— Provided records —
==*==

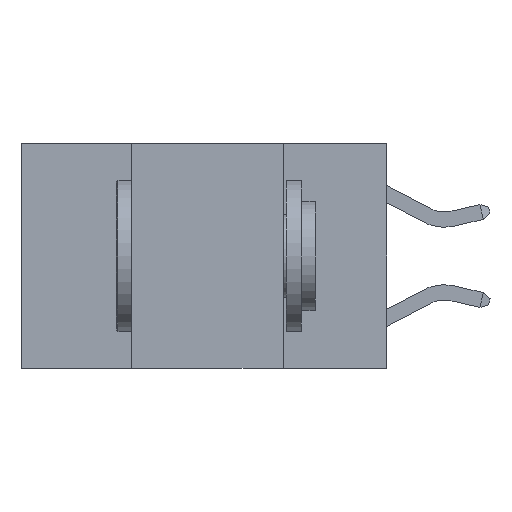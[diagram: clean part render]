
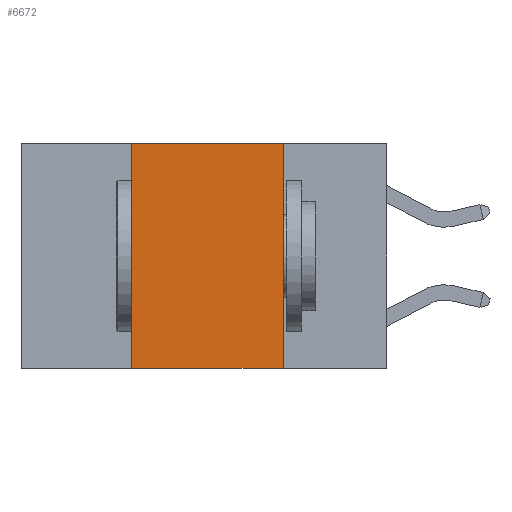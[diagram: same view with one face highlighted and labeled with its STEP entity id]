
A CAD part, left-side view. The second image highlights one B-rep face of the part: STEP entity #6672.
In plain terms, the highlighted planar face has unit normal (-1, 0, 0).
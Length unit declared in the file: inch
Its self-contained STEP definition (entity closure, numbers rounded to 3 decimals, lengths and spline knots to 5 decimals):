
#158 = CARTESIAN_POINT ( 'NONE',  ( 0., 0.17, -0.37 ) ) ;
#587 = DIRECTION ( 'NONE',  ( 0., 0., -1. ) ) ;
#607 = VERTEX_POINT ( 'NONE', #158 ) ;
#717 = VERTEX_POINT ( 'NONE', #11974 ) ;
#1226 = CARTESIAN_POINT ( 'NONE',  ( 0., 0.17, 0. ) ) ;
#1363 = CARTESIAN_POINT ( 'NONE',  ( 0., 0.42, 0. ) ) ;
#1535 = PLANE ( 'NONE',  #9138 ) ;
#1992 = VECTOR ( 'NONE', #10959, 39.37008 ) ;
#3107 = EDGE_CURVE ( 'NONE', #8445, #9045, #10454, .T. ) ;
#3302 = EDGE_LOOP ( 'NONE', ( #3674, #8668, #6453, #4549 ) ) ;
#3674 = ORIENTED_EDGE ( 'NONE', *, *, #5624, .F. ) ;
#4168 = VECTOR ( 'NONE', #12252, 39.37008 ) ;
#4340 = VECTOR ( 'NONE', #7845, 39.37008 ) ;
#4364 = EDGE_CURVE ( 'NONE', #8445, #607, #4520, .T. ) ;
#4411 = CARTESIAN_POINT ( 'NONE',  ( 0., 0.6, 0. ) ) ;
#4520 = LINE ( 'NONE', #9976, #1992 ) ;
#4549 = ORIENTED_EDGE ( 'NONE', *, *, #4364, .T. ) ;
#4579 = CARTESIAN_POINT ( 'NONE',  ( 0., 0.42, 0. ) ) ;
#5624 = EDGE_CURVE ( 'NONE', #717, #607, #11914, .T. ) ;
#6300 = DIRECTION ( 'NONE',  ( 1., 0., 0. ) ) ;
#6381 = LINE ( 'NONE', #8433, #4168 ) ;
#6453 = ORIENTED_EDGE ( 'NONE', *, *, #3107, .F. ) ;
#6672 = ADVANCED_FACE ( 'NONE', ( #10692 ), #1535, .F. ) ;
#6806 = EDGE_CURVE ( 'NONE', #9045, #717, #6381, .T. ) ;
#7328 = VECTOR ( 'NONE', #11845, 39.37008 ) ;
#7845 = DIRECTION ( 'NONE',  ( 0., 0., -1. ) ) ;
#8433 = CARTESIAN_POINT ( 'NONE',  ( 0., 0.6, 0. ) ) ;
#8445 = VERTEX_POINT ( 'NONE', #9834 ) ;
#8668 = ORIENTED_EDGE ( 'NONE', *, *, #6806, .F. ) ;
#9045 = VERTEX_POINT ( 'NONE', #4579 ) ;
#9138 = AXIS2_PLACEMENT_3D ( 'NONE', #4411, #6300, #587 ) ;
#9834 = CARTESIAN_POINT ( 'NONE',  ( 0., 0.42, -0.37 ) ) ;
#9976 = CARTESIAN_POINT ( 'NONE',  ( 0., 0.6, -0.37 ) ) ;
#10454 = LINE ( 'NONE', #1363, #7328 ) ;
#10692 = FACE_OUTER_BOUND ( 'NONE', #3302, .T. ) ;
#10959 = DIRECTION ( 'NONE',  ( 0., -1., 0. ) ) ;
#11845 = DIRECTION ( 'NONE',  ( 0., 0., 1. ) ) ;
#11914 = LINE ( 'NONE', #1226, #4340 ) ;
#11974 = CARTESIAN_POINT ( 'NONE',  ( 0., 0.17, 0. ) ) ;
#12252 = DIRECTION ( 'NONE',  ( 0., -1., 0. ) ) ;

==*==

— Assignment —
From the data above, output only the lines between the line containing "A CAD part, left-side" and the line containing "#6806 = EDGE_CURVE", inclusive, exactly as written.

— Reply to the task —
A CAD part, left-side view. The second image highlights one B-rep face of the part: STEP entity #6672.
In plain terms, the highlighted planar face has unit normal (-1, 0, 0).
Length unit declared in the file: inch
Its self-contained STEP definition (entity closure, numbers rounded to 3 decimals, lengths and spline knots to 5 decimals):
#158 = CARTESIAN_POINT ( 'NONE',  ( 0., 0.17, -0.37 ) ) ;
#587 = DIRECTION ( 'NONE',  ( 0., 0., -1. ) ) ;
#607 = VERTEX_POINT ( 'NONE', #158 ) ;
#717 = VERTEX_POINT ( 'NONE', #11974 ) ;
#1226 = CARTESIAN_POINT ( 'NONE',  ( 0., 0.17, 0. ) ) ;
#1363 = CARTESIAN_POINT ( 'NONE',  ( 0., 0.42, 0. ) ) ;
#1535 = PLANE ( 'NONE',  #9138 ) ;
#1992 = VECTOR ( 'NONE', #10959, 39.37008 ) ;
#3107 = EDGE_CURVE ( 'NONE', #8445, #9045, #10454, .T. ) ;
#3302 = EDGE_LOOP ( 'NONE', ( #3674, #8668, #6453, #4549 ) ) ;
#3674 = ORIENTED_EDGE ( 'NONE', *, *, #5624, .F. ) ;
#4168 = VECTOR ( 'NONE', #12252, 39.37008 ) ;
#4340 = VECTOR ( 'NONE', #7845, 39.37008 ) ;
#4364 = EDGE_CURVE ( 'NONE', #8445, #607, #4520, .T. ) ;
#4411 = CARTESIAN_POINT ( 'NONE',  ( 0., 0.6, 0. ) ) ;
#4520 = LINE ( 'NONE', #9976, #1992 ) ;
#4549 = ORIENTED_EDGE ( 'NONE', *, *, #4364, .T. ) ;
#4579 = CARTESIAN_POINT ( 'NONE',  ( 0., 0.42, 0. ) ) ;
#5624 = EDGE_CURVE ( 'NONE', #717, #607, #11914, .T. ) ;
#6300 = DIRECTION ( 'NONE',  ( 1., 0., 0. ) ) ;
#6381 = LINE ( 'NONE', #8433, #4168 ) ;
#6453 = ORIENTED_EDGE ( 'NONE', *, *, #3107, .F. ) ;
#6672 = ADVANCED_FACE ( 'NONE', ( #10692 ), #1535, .F. ) ;
#6806 = EDGE_CURVE ( 'NONE', #9045, #717, #6381, .T. ) ;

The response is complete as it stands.